======== DATASET RECORDS

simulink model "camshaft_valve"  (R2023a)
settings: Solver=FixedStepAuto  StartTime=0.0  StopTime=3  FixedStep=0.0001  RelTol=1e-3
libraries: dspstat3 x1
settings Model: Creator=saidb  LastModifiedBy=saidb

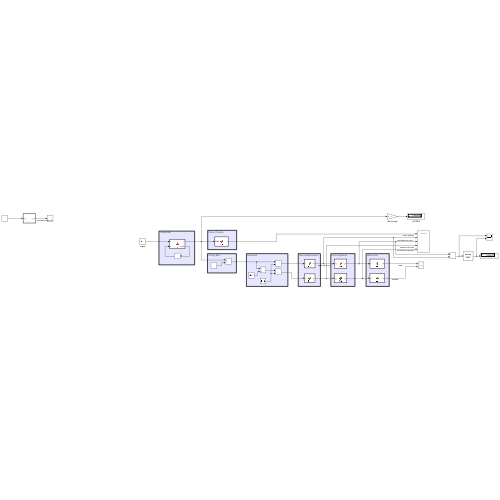
[thumbnail: Simulink's stored preview of the top-level diagram]
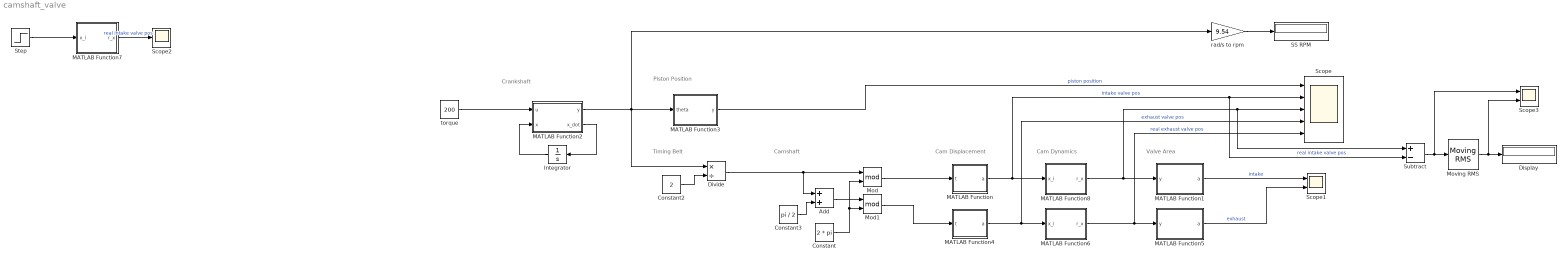
== system camshaft_valve ==
  note: Cam Dynamics
  note: Camshaft
  note: Valve Area
  note: Cam Displacement
  note: Piston Position
  note: Timing Belt
  note: Crankshaft
  Add : Sum
  Constant : Constant  Value=2 * pi
  Constant2 : Constant  Value=2
  Constant3 : Constant  Value=pi / 2
  Display : Display
  Divide : Product  Inputs=*/
  Integrator : Integrator  InitialCondition=[0;0]
  MATLAB Function : MATLAB Function  TreatAsAtomicUnit=on
  MATLAB Function1 : MATLAB Function  TreatAsAtomicUnit=on
  MATLAB Function2 : MATLAB Function  TreatAsAtomicUnit=on
  MATLAB Function3 : MATLAB Function  TreatAsAtomicUnit=on
  MATLAB Function4 : MATLAB Function  TreatAsAtomicUnit=on
  MATLAB Function5 : MATLAB Function  TreatAsAtomicUnit=on
  MATLAB Function6 : MATLAB Function  TreatAsAtomicUnit=on
  MATLAB Function7 : MATLAB Function  TreatAsAtomicUnit=on
  MATLAB Function8 : MATLAB Function  TreatAsAtomicUnit=on
  Mod : Math  Operator=mod
  Mod1 : Math  Operator=mod
  Moving RMS : dspstat3/Moving RMS  Method=Sliding window  ForgettingFactorPort=off  SpecifyWindowLength=on  WindowLength=4  OverlapLength=3  AllowArbitraryInputLength=off  ForgettingFactor=0.9  SimulateUsing=Code generation
  SS RPM : Display
  Scope : Scope  NumInputPorts=5
  Scope1 : Scope  NumInputPorts=2
  Scope2 : Scope
  Scope3 : Scope  NumInputPorts=2
  Step : Step  Before=0.01  After=-5  SampleTime=0
  Subtract : Sum  Inputs=+-
  rad/s to rpm : Gain  Gain=9.54
  torque : Constant  Value=200
  wires:
  Constant/1 -> Mod/2, Mod1/2
  Mod/1 -> MATLAB Function/1(t)
  MATLAB Function1/1(a) -> Scope1/1  "intake"
  MATLAB Function2/2(x_dot) -> Integrator/1
  Integrator/1 -> MATLAB Function2/2(x)
  torque/1 -> MATLAB Function2/1(u)
  Constant2/1 -> Divide/2
  MATLAB Function/1(a) -> Subtract/2, Scope/2, MATLAB Function8/1(x_i)  "intake valve pos"
  MATLAB Function3/1(y) -> Scope/1  "piston position"
  MATLAB Function2/1(y) -> rad/s to rpm/1, Divide/1, MATLAB Function3/1(theta)
  Divide/1 -> Add/1, Mod/1
  Mod1/1 -> MATLAB Function4/1(t)
  Add/1 -> Mod1/1
  Constant3/1 -> Add/2
  MATLAB Function4/1(a) -> Scope/4, MATLAB Function6/1(x_i)  "exhaust valve pos"
  MATLAB Function5/1(a) -> Scope1/2  "exhaust"
  MATLAB Function8/1(r_x) -> Subtract/1, Scope/3, MATLAB Function1/1(y)  "real intake valve pos"
  MATLAB Function6/1(r_x) -> Scope/5, MATLAB Function5/1(y)  "real exhaust valve pos"
  rad/s to rpm/1 -> SS RPM/1
  Step/1 -> MATLAB Function7/1(x_i)
  MATLAB Function7/1(r_x) -> Scope2/1  "real intake valve pos"
  Subtract/1 -> Scope3/1, Moving RMS/1
  Moving RMS/1 -> Scope3/2, Display/1

== matlab function camshaft_valve/MATLAB Function1 ==
  data: y input; a output
function a = fcn(y)

pi = 3.141592;
r = 0.02;

a = 2 * pi * r * y;

if a >= pi * r^2
    a = pi * r^2;
end

end

== matlab function camshaft_valve/MATLAB Function ==
  data: t input; a output
function a = fcn(t)

e = 2.71828;
pi = 3.141592;
r = 0.02;

maxInputArea = pi * r^2;

maxValveDisplacement = maxInputArea / (2 * pi * r);

a = (e^(-((2 * t) - (pi / 2))^4) * maxValveDisplacement) + 0.01;

end

== matlab function camshaft_valve/MATLAB Function2 ==
  data: y output; u input; x input; x_dot output
function [y, x_dot] = fcn(u, x)

I = 0.19215;
c = 0.32236;
k = 0;

A = [  0     1  ;
     -k/I  -c/I];
B = [ 0  ;
     1/I];
C = [1 0];
D = 0;

x_dot = A * x + B * u;
y = C * x + D * u;

== matlab function camshaft_valve/MATLAB Function3 ==
  data: theta input; y output
function y  = fcn(theta)

l1 = 0.05;
l2 = 0.1;
e = 0;
h = 0;

y = sqrt(l2^2 - (l1 * sin(theta) + e)^2) + l1 * cos(theta) + h;

== matlab function camshaft_valve/MATLAB Function4 ==
  data: t input; a output
function a = fcn(t)

e = 2.71828;
pi = 3.141592;
r = 0.02;

maxInputArea = pi * r^2;

maxValveDisplacement = maxInputArea / (2 * pi * r);

a = e^(-((2 * t) - (pi / 2))^4) * maxValveDisplacement;

end

== matlab function camshaft_valve/MATLAB Function5 ==
  data: y input; a output
function a = fcn(y)

pi = 3.141592;
r = 0.02;

a = 2 * pi * r * y;

if a >= pi * r^2
    a = pi * r^2;
end

end

== matlab function camshaft_valve/MATLAB Function6 ==
  settings: updateMethod=DISCRETE
  data: r_x output; x_i input
function r_x = fcn(x_i)

dt = 0.0001;
preload = 0;

persistent x
persistent x_dot
persistent x_i_l;

if isempty(x_i_l)
    x_i_l = preload;
end

x_i_d = (x_i - x_i_l) / dt;

if isempty(x_dot)
    x_dot = [0 ; 0];
end
if isempty(x)
    x = [preload ; 0];
else
    x_temp = x + x_dot * dt;
    if x_temp(1) < x_i
        x(1) = x_i;
        x(2) = x_i_d - (x(2) - x_i_d) * 0.5;
    else
        x = x + x_dot * dt;
    end
end

m = 0.1 + 0.1;
c = 100;
k = 65000;
A = [  0     1  ;
     -k/m  -c/m];

x_dot = A * x;

x_i_l = x_i;
r_x = x(1);

== matlab function camshaft_valve/MATLAB Function7 ==
  settings: updateMethod=DISCRETE
  data: r_x output; x_i input
function r_x = fcn(x_i)

dt = 0.0001;

persistent x
persistent x_dot
persistent x_i_l;

if isempty(x_i_l)
    x_i_l = 0.01;
end

x_i = x_i + 0.01;

x_i_d = (x_i - x_i_l) / dt;

if isempty(x_dot)
    x_dot = [0 ; 0];
end
if isempty(x)
    x = [0.01 ; 0];
else
    x_temp = x + x_dot * dt;
    if x_temp(1) < x_i
        x(1) = x_i;
        x(2) = x_i_d - (x(2) - x_i_d);
    else
        x = x + x_dot * dt;
    end
end

m = 0.1 + 0.1;
c = 100;
k = 65000;
A = [  0     1  ;
     -k/m  -c/m];

x_dot = A * x;

x_i_l = x_i;
r_x = x(1);

== matlab function camshaft_valve/MATLAB Function8 ==
  settings: updateMethod=DISCRETE
  data: r_x output; x_i input
function r_x = fcn(x_i)

dt = 0.0001;
preload = 0.01;

persistent x
persistent x_dot
persistent x_i_l;

if isempty(x_i_l)
    x_i_l = preload;
end

x_i_d = (x_i - x_i_l) / dt;

if isempty(x_dot)
    x_dot = [0 ; 0];
end
if isempty(x)
    x = [preload ; 0];
else
    x_temp = x + x_dot * dt;
    if x_temp(1) < x_i
        x(1) = x_i;
        x(2) = x_i_d - (x(2) - x_i_d) * 0.5;
    else
        x = x + x_dot * dt;
    end
end

m = 0.1 + 0.1;
c = 100;
k = 120000;
A = [  0     1  ;
     -k/m  -c/m];

x_dot = A * x;

x_i_l = x_i;
r_x = x(1);

================

EXERCISE GOAL:
Determine how many lines of the listing above hold the word "note". Report that number without anything else.

ANSWER SPACE:
7